Going through the data below, please show each line containing the string "ToWorkspace".

[Stored data]
§ §
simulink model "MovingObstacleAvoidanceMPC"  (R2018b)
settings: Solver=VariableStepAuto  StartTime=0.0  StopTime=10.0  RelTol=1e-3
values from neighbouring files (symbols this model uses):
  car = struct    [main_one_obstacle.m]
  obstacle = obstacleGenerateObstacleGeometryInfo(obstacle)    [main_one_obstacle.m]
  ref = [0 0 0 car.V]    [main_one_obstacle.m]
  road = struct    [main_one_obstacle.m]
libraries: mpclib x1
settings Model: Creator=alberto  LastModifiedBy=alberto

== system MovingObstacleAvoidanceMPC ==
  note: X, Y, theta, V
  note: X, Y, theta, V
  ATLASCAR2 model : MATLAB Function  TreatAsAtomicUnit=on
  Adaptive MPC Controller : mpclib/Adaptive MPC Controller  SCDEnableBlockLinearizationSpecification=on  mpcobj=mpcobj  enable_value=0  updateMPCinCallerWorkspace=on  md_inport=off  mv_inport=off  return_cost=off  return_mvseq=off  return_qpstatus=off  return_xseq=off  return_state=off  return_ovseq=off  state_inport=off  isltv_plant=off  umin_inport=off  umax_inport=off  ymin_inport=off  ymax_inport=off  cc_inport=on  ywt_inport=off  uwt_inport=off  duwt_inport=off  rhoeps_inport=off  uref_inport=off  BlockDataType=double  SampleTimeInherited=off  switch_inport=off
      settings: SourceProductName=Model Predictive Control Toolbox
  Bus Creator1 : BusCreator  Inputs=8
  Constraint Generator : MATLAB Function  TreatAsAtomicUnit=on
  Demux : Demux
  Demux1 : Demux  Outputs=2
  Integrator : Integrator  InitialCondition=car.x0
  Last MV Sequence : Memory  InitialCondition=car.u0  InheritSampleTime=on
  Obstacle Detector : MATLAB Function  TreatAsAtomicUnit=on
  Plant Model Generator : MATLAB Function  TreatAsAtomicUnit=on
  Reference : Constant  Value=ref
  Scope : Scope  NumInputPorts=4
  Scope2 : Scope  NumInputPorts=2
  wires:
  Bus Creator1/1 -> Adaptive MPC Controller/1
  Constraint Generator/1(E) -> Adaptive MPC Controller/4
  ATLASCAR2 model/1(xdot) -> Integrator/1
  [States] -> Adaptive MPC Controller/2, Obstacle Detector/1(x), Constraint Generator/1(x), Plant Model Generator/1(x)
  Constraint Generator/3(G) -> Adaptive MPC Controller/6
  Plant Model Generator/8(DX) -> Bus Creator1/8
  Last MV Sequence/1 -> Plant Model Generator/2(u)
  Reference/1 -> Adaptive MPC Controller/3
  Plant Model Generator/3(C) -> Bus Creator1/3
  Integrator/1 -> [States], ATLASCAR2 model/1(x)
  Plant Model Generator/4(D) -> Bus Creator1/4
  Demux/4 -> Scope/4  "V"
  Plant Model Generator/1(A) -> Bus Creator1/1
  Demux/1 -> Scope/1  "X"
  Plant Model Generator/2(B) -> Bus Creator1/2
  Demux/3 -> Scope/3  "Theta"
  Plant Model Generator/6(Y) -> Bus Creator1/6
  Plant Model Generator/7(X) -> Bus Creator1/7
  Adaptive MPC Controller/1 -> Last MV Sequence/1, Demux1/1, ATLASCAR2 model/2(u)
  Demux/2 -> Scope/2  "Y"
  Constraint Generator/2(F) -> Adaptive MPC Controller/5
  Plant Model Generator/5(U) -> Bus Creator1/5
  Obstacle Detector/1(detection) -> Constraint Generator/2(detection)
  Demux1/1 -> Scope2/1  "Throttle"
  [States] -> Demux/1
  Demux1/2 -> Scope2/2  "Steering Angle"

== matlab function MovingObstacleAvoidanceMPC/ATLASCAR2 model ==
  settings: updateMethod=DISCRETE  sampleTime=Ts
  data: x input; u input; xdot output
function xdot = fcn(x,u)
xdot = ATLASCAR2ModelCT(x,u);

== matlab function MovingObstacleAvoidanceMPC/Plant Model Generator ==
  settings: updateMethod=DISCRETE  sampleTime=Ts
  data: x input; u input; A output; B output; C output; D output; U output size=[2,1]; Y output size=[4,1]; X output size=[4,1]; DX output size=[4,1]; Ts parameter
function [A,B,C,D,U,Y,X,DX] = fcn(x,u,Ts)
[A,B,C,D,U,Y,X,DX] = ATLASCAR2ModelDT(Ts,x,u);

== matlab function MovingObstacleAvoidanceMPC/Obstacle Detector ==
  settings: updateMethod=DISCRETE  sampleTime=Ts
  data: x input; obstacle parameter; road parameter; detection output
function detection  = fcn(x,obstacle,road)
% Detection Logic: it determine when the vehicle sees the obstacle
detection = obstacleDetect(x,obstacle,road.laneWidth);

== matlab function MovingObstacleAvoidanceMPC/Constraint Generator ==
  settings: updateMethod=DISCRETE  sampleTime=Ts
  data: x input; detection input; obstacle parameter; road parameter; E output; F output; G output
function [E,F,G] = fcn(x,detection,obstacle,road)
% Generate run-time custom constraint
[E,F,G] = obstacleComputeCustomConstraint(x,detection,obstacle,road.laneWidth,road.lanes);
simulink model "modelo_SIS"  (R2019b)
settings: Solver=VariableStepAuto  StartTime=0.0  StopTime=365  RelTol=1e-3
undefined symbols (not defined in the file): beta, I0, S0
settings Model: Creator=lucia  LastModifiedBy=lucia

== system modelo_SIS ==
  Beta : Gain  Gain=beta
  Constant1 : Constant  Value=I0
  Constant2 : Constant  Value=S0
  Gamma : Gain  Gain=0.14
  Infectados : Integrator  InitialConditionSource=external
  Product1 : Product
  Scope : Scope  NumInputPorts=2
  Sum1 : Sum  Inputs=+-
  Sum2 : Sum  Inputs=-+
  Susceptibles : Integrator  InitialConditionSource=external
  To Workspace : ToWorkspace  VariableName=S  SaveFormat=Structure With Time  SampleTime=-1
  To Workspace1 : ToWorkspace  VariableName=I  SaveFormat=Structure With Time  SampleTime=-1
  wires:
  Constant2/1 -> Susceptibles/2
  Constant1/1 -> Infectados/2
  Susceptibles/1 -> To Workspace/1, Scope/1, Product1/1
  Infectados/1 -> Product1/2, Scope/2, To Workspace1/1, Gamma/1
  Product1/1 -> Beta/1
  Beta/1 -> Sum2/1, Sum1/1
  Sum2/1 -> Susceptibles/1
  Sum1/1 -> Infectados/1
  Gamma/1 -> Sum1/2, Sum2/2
§ §
_Response_
  To Workspace : ToWorkspace  VariableName=S  SaveFormat=Structure With Time  SampleTime=-1
  To Workspace1 : ToWorkspace  VariableName=I  SaveFormat=Structure With Time  SampleTime=-1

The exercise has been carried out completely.